Try it.
Filter this listing down to the lines that contain the word "Commit", and copy them.
◆ ◆ ◆ ◆ ◆ ◆ ◆
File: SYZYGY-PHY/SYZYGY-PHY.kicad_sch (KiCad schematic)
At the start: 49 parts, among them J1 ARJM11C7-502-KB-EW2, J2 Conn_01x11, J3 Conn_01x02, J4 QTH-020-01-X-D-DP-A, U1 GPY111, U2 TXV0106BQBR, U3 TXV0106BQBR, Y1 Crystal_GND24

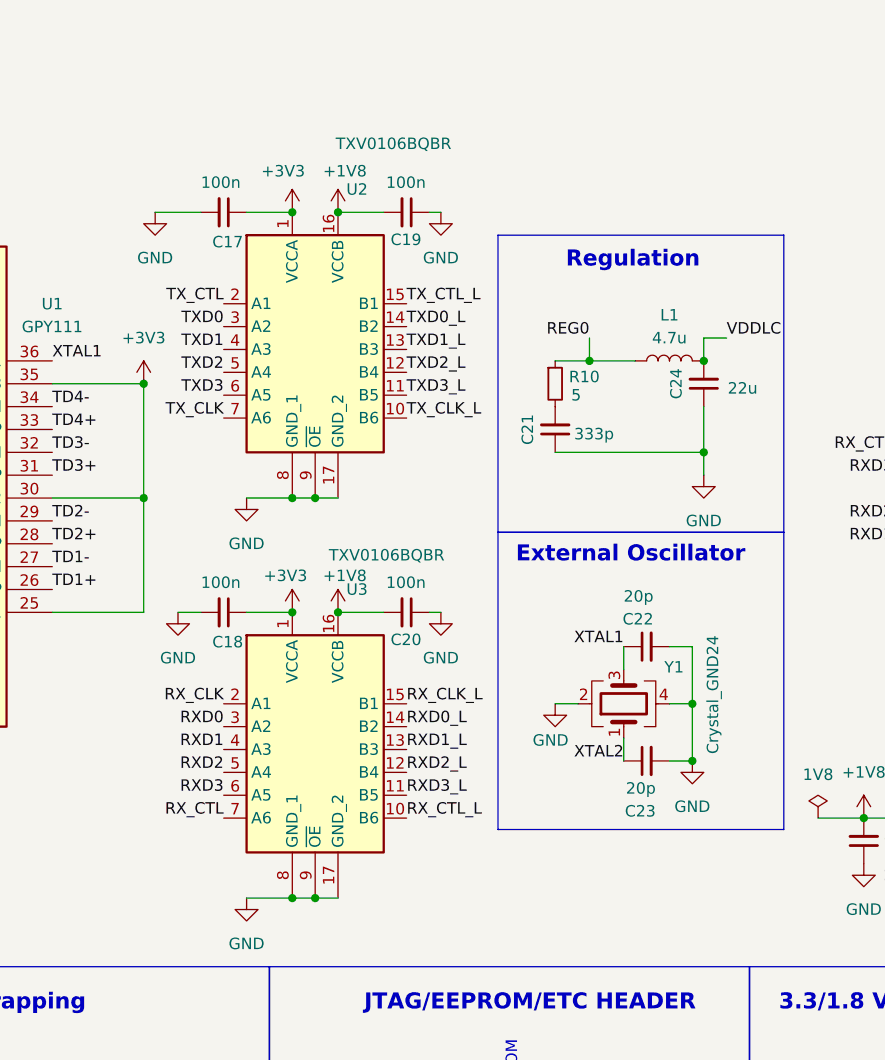
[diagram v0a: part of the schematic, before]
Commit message: busted: backwards level shifter
This snapshot updates the pin assignments such that our TX level shifter
fails the ERC, and then fixes that by flipping it in the schematic.

It also pulls all the updated details from the schematic into the
layout, which does not pass the DRC.
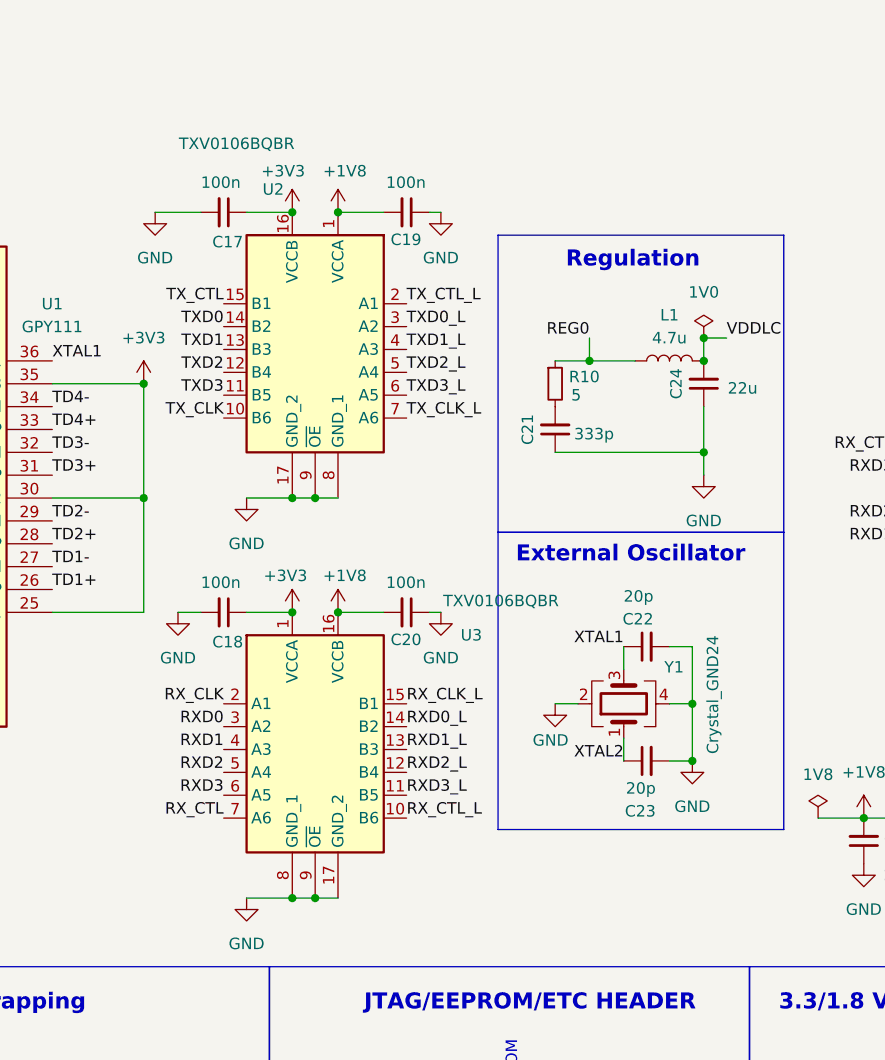
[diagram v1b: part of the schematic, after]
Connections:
- net +1V8: now also U2.1 (VCCA); no longer U2.16 (VCCB)
- net +3V3: now also U2.16 (VCCB); no longer U2.1 (VCCA)
- net TXD0: now also U2.14 (B2); no longer U2.3 (A2)
- net TXD0_L: now also U2.3 (A2); no longer U2.14 (B2)
- net TXD1: now also U2.13 (B3); no longer U2.4 (A3)
- net TXD1_L: now also U2.4 (A3); no longer U2.13 (B3)
- net TXD2: now also U2.12 (B4); no longer U2.5 (A4)
- net TXD2_L: now also U2.5 (A4); no longer U2.12 (B4)
- net TXD3: now also U2.11 (B5); no longer U2.6 (A5)
- net TXD3_L: now also U2.6 (A5); no longer U2.11 (B5)
- net TX_CLK: now also U2.10 (B6); no longer U2.7 (A6)
- net TX_CLK_L: now also U2.7 (A6); no longer U2.10 (B6)
- net TX_CTL: now also U2.15 (B1); no longer U2.2 (A1)
- net TX_CTL_L: now also U2.2 (A1); no longer U2.15 (B1)
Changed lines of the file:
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@@
 	)
 	(junction
-		(at 173.99 111.76)
+		(at 171.45 67.31)
 		(diameter 0)
 		(color 0 0 0 0)
@@
 	)
 	(junction
-		(at 171.45 67.31)
-		(diameter 0)
-		(color 0 0 0 0)
-	)
-	(junction
-		(at 176.53 80.01)
+		(at 140.97 137.16)
 		(diameter 0)
 		(color 0 0 0 0)
 	)
 	(junction
-		(at 140.97 137.16)
+		(at 80.01 31.75)
 		(diameter 0)
 		(color 0 0 0 0)
 	)
 	(junction
-		(at 80.01 31.75)
+		(at 73.66 31.75)
 		(diameter 0)
 		(color 0 0 0 0)
 	)
 	(junction
-		(at 73.66 31.75)
+		(at 173.99 111.76)
 		(diameter 0)
 		(color 0 0 0 0)
@@
 	)
 	(junction
-		(at 173.99 67.31)
+		(at 62.23 87.63)
 		(diameter 0)
 		(color 0 0 0 0)
 	)
 	(junction
-		(at 62.23 87.63)
+		(at 217.17 52.07)
 		(diameter 0)
 		(color 0 0 0 0)
 	)
 	(junction
-		(at 217.17 52.07)
+		(at 176.53 80.01)
 		(diameter 0)
 		(color 0 0 0 0)
@@
 	)
 	(junction
+		(at 171.45 35.56)
+		(diameter 0)
+		(color 0 0 0 0)
+	)
+	(junction
 		(at 60.96 26.67)
 		(diameter 0)
@@
 	)
 	(junction
-		(at 171.45 35.56)
-		(diameter 0)
-		(color 0 0 0 0)
-	)
-	(junction
 		(at 41.91 26.67)
 		(diameter 0)
@@
 	)
 	(junction
-		(at 176.53 35.56)
+		(at 217.17 49.53)
 		(diameter 0)
 		(color 0 0 0 0)
@@
 	)
 	(junction
+		(at 173.99 67.31)
+		(diameter 0)
+		(color 0 0 0 0)
+	)
+	(junction
 		(at 171.45 80.01)
 		(diameter 0)
@@
 	)
 	(junction
+		(at 176.53 35.56)
+		(diameter 0)
+		(color 0 0 0 0)
+	)
+	(junction
 		(at 118.11 154.94)
 		(diameter 0)
@@
 	(wire
 		(pts
-			(xy 171.45 111.76) (xy 173.99 111.76)
-		)
-		(stroke
-			(width 0)
-			(type default)
-		)
-	)
-	(wire
-		(pts
 			(xy 274.32 97.79) (xy 274.32 102.87)
 		)
@@
 	(wire
 		(pts
-			(xy 173.99 111.76) (xy 176.53 111.76)
-		)
-		(stroke
-			(width 0)
-			(type default)
-		)
-	)
-	(wire
-		(pts
 			(xy 156.21 35.56) (xy 161.29 35.56)
 		)
@@
 	(wire
 		(pts
+			(xy 173.99 111.76) (xy 176.53 111.76)
+		)
+		(stroke
+			(width 0)
+			(type default)
+		)
+	)
+	(wire
+		(pts
 			(xy 166.37 80.01) (xy 171.45 80.01)
 		)
@@
 	(wire
 		(pts
-			(xy 171.45 67.31) (xy 173.99 67.31)
+			(xy 173.99 67.31) (xy 176.53 67.31)
 		)
 		(stroke
@@
 	(wire
 		(pts
+			(xy 171.45 67.31) (xy 173.99 67.31)
+		)
+		(stroke
+			(width 0)
+			(type default)
+		)
+	)
+	(wire
+		(pts
 			(xy 114.3 97.79) (xy 114.3 113.03)
 		)
@@
 	(wire
 		(pts
-			(xy 173.99 67.31) (xy 176.53 67.31)
+			(xy 71.12 120.65) (xy 71.12 123.19)
 		)
 		(stroke
@@
 	(wire
 		(pts
-			(xy 71.12 120.65) (xy 71.12 123.19)
+			(xy 116.84 34.29) (xy 116.84 26.67)
 		)
 		(stroke
@@
 	(wire
 		(pts
-			(xy 116.84 34.29) (xy 116.84 26.67)
+			(xy 118.11 154.94) (xy 118.11 158.75)
 		)
 		(stroke
@@
 	(wire
 		(pts
-			(xy 118.11 154.94) (xy 118.11 158.75)
+			(xy 171.45 111.76) (xy 173.99 111.76)
 		)
 		(stroke
@@
 	(symbol
 		(lib_id "TXV0106BQBR:TXV0106BQBR")
-		(at 161.29 90.17 0)
+		(at 173.99 95.25 0)
 		(unit 1)
 		(exclude_from_sim no)
@@
 		(dnp no)
 		(property "Reference" "U3"
-			(at 177.4541 77.47 0)
+			(at 190.1541 82.55 0)
 			(effects
 				(font
@@
 		)
 		(property "Value" "TXV0106BQBR"
-			(at 175.514 73.66 0)
+			(at 188.214 78.74 0)
 			(effects
 				(font
@@
 		)
 		(property "Footprint" "local:TXV0106BQBR"
-			(at 182.88 174.93 0)
+			(at 195.58 180.01 0)
 			(effects
 				(font
@@
 		)
 		(property "Datasheet" "https://www.ti.com/lit/ds/symlink/txv0106.pdf?ts=1710334541958&ref_url=https%253A%252F%252Fwww.ti.com%252Fproduct%252FTXV0106%253FkeyMatch%253DTXV"
-			(at 182.88 274.93 0)
+			(at 195.58 280.01 0)
 			(effects
 				(font
@@
 		)
 		(property "Description" "Voltage Level Translator Unidirectional 1 Circuit 6 Channel 500Mbps 16-WQFN (2.5x3.5)"
-			(at 161.29 90.17 0)
+			(at 173.99 95.25 0)
 			(effects
 				(font
@@
 		)
 		(property "Height" "0.8"
-			(at 182.88 474.93 0)
+			(at 195.58 480.01 0)
 			(effects
 				(font
@@
 		)
 		(property "Mouser Part Number" "595-TXV0106BQBR"
-			(at 182.88 574.93 0)
+			(at 195.58 580.01 0)
 			(effects
 				(font
@@
 		)
 		(property "Mouser Price/Stock" "https://www.mouser.co.uk/ProductDetail/Texas-Instruments/TXV0106BQBR?qs=mELouGlnn3c1YOKCKwursg%3D%3D"
-			(at 182.88 674.93 0)
+			(at 195.58 680.01 0)
 			(effects
 				(font
@@
 		)
 		(property "Manufacturer_Name" "Texas Instruments"
-			(at 182.88 774.93 0)
+			(at 195.58 780.01 0)
 			(effects
 				(font
@@
 		)
 		(property "Manufacturer_Part_Number" "TXV0106BQBR"
-			(at 182.88 874.93 0)
+			(at 195.58 880.01 0)
 			(effects
 				(font
@@
 	(symbol
 		(lib_id "TXV0106BQBR:TXV0106BQBR")
-		(at 161.29 45.72 0)
+		(at 173.99 50.8 0)
+		(mirror y)
 		(unit 1)
 		(exclude_from_sim no)
@@
 		(dnp no)
 		(property "Reference" "U2"
-			(at 177.4541 33.02 0)
+			(at 170.5259 33.02 0)
 			(effects
 				(font
@@
 		)
 		(property "Value" "TXV0106BQBR"
-			(at 176.276 27.94 0)
+			(at 171.704 27.94 0)
 			(effects
 				(font
@@
 		)
 		(property "Footprint" "local:TXV0106BQBR"
-			(at 182.88 130.48 0)
+			(at 152.4 135.56 0)
 			(effects
 				(font
@@
 		)
 		(property "Datasheet" "https://www.ti.com/lit/ds/symlink/txv0106.pdf?ts=1710334541958&ref_url=https%253A%252F%252Fwww.ti.com%252Fproduct%252FTXV0106%253FkeyMatch%253DTXV"
-			(at 182.88 230.48 0)
+			(at 152.4 235.56 0)
 			(effects
 				(font
@@
 		)
 		(property "Description" "Voltage Level Translator Unidirectional 1 Circuit 6 Channel 500Mbps 16-WQFN (2.5x3.5)"
-			(at 161.29 45.72 0)
+			(at 174.244 49.53 0)
 			(effects
 				(font
@@
 		)
 		(property "Height" "0.8"
-			(at 182.88 430.48 0)
+			(at 152.4 435.56 0)
 			(effects
 				(font
@@
 		)
 		(property "Mouser Part Number" "595-TXV0106BQBR"
-			(at 182.88 530.48 0)
+			(at 152.4 535.56 0)
 			(effects
 				(font
@@
 		)
 		(property "Mouser Price/Stock" "https://www.mouser.co.uk/ProductDetail/Texas-Instruments/TXV0106BQBR?qs=mELouGlnn3c1YOKCKwursg%3D%3D"
-			(at 182.88 630.48 0)
+			(at 152.4 635.56 0)
 			(effects
 				(font
@@
 		)
 		(property "Manufacturer_Name" "Texas Instruments"
-			(at 182.88 730.48 0)
+			(at 152.4 735.56 0)
 			(effects
 				(font
@@
 		)
 		(property "Manufacturer_Part_Number" "TXV0106BQBR"
-			(at 182.88 830.48 0)
+			(at 152.4 835.56 0)
 			(effects
 				(font
@@
 					(unit 1)
 				)
+			)
+		)
+	)
+	(symbol
+		(lib_id "power:PWR_FLAG")
+		(at 217.17 49.53 0)
+		(unit 1)
+		(exclude_from_sim no)
+		(in_bom yes)
+		(on_board yes)
+		(dnp no)
+		(fields_autoplaced yes)
+		(property "Reference" "#FLG06"
+			(at 217.17 47.625 0)
+			(effects
+				(font
+					(size 1.27 1.27)
+				)
+				(hide yes)
+			)
+		)
+		(property "Value" "1V0"
+			(at 217.17 44.45 0)
+			(effects
+				(font
+					(size 1.27 1.27)
+				)
+			)
+		)
+		(property "Footprint" ""
+			(at 217.17 49.53 0)
+			(effects
+				(font
+					(size 1.27 1.27)
+				)
+				(hide yes)
+			)
+		)
+		(property "Datasheet" "~"
+			(at 217.17 49.53 0)
+			(effects
+				(font
+					(size 1.27 1.27)
+				)
+				(hide yes)
+			)
+		)
+		(property "Description" "Special symbol for telling ERC where power comes from"
+			(at 217.17 49.53 0)
+			(effects
+				(font
+					(size 1.27 1.27)
+				)
+				(hide yes)
+			)
+		)
+		(pin "1"
+		)
+		(instances
+			(project ""
+				(path "/cd7d6255-0cd2-43fc-ba6e-5ac7b6205d5d"
+					(reference "#FLG06")
+					(unit 1)
+				)

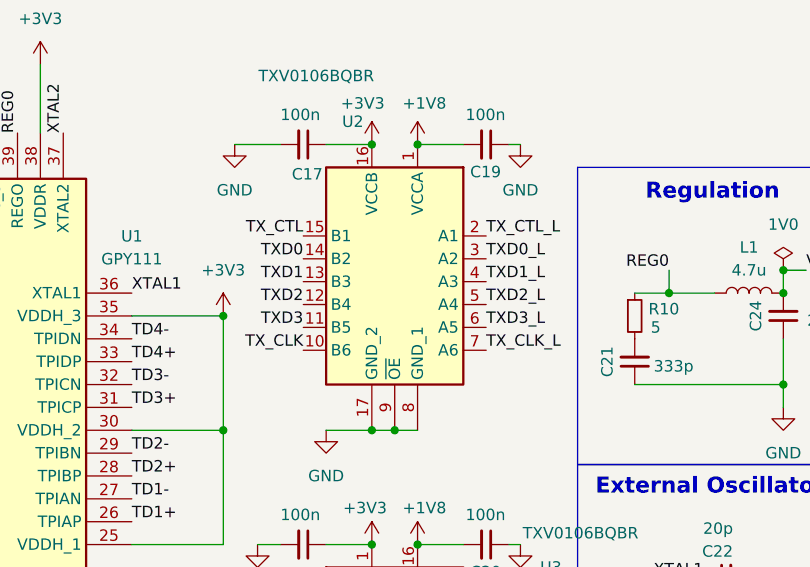
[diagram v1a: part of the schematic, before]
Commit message: flipping the level shifter adding some labels
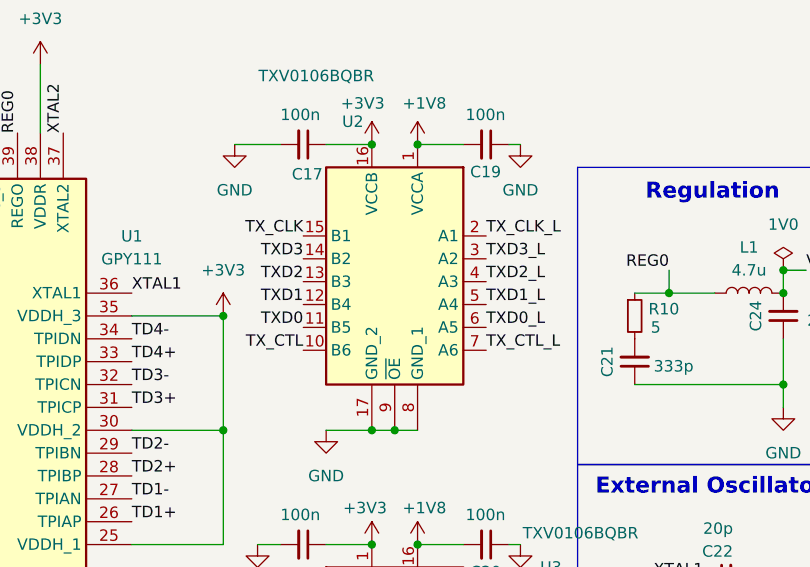
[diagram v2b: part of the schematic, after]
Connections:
- net TXD0: now also U2.11 (B5); no longer U2.14 (B2)
- net TXD0_L: now also U2.6 (A5); no longer U2.3 (A2)
- net TXD1: now also U2.12 (B4); no longer U2.13 (B3)
- net TXD1_L: now also U2.5 (A4); no longer U2.4 (A3)
- net TXD2: now also U2.13 (B3); no longer U2.12 (B4)
- net TXD2_L: now also U2.4 (A3); no longer U2.5 (A4)
- net TXD3: now also U2.14 (B2); no longer U2.11 (B5)
- net TXD3_L: now also U2.3 (A2); no longer U2.6 (A5)
- net TX_CLK: now also U2.15 (B1); no longer U2.10 (B6)
- net TX_CLK_L: now also U2.2 (A1); no longer U2.7 (A6)
- net TX_CTL: now also U2.10 (B6); no longer U2.15 (B1)
- net TX_CTL_L: now also U2.7 (A6); no longer U2.2 (A1)
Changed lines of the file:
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@@
 	)
 	(label "TX_CLK_L"
-		(at 184.15 58.42 0)
+		(at 184.15 45.72 0)
 		(fields_autoplaced yes)
 		(effects
@@
 	)
 	(label "TX_CLK"
-		(at 163.83 58.42 180)
+		(at 163.83 45.72 180)
 		(fields_autoplaced yes)
 		(effects
@@
 	)
 	(label "TXD2_L"
-		(at 184.15 53.34 0)
+		(at 184.15 50.8 0)
 		(fields_autoplaced yes)
 		(effects
@@
 	)
 	(label "TX_CTL_L"
-		(at 184.15 45.72 0)
+		(at 184.15 58.42 0)
 		(fields_autoplaced yes)
 		(effects
@@
 	)
 	(label "TXD1_L"
-		(at 184.15 50.8 0)
+		(at 184.15 53.34 0)
 		(fields_autoplaced yes)
 		(effects
@@
 	)
 	(label "TXD1"
-		(at 163.83 50.8 180)
+		(at 163.83 53.34 180)
 		(fields_autoplaced yes)
 		(effects
@@
 	)
 	(label "TX_CTL"
-		(at 163.83 45.72 180)
+		(at 163.83 58.42 180)
 		(fields_autoplaced yes)
 		(effects
@@
 	)
 	(label "TXD0_L"
-		(at 184.15 48.26 0)
+		(at 184.15 55.88 0)
 		(fields_autoplaced yes)
 		(effects
@@
 	)
 	(label "TXD0"
-		(at 163.83 48.26 180)
+		(at 163.83 55.88 180)
 		(fields_autoplaced yes)
 		(effects
@@
 	)
 	(label "TXD3"
-		(at 163.83 55.88 180)
+		(at 163.83 48.26 180)
 		(fields_autoplaced yes)
 		(effects
@@
 	)
 	(label "TXD2"
-		(at 163.83 53.34 180)
+		(at 163.83 50.8 180)
 		(fields_autoplaced yes)
 		(effects
@@
 	)
 	(label "TXD3_L"
-		(at 184.15 55.88 0)
-		(fields_autoplaced yes)
-		(effects
+		(at 184.15 48.26 0)
+		(fields_autoplaced yes)
+		(effects
◆ ◆ ◆ ◆ ◆ ◆ ◆
Finished exercise.
Commit message: busted: backwards level shifter
Commit message: flipping the level shifter adding some labels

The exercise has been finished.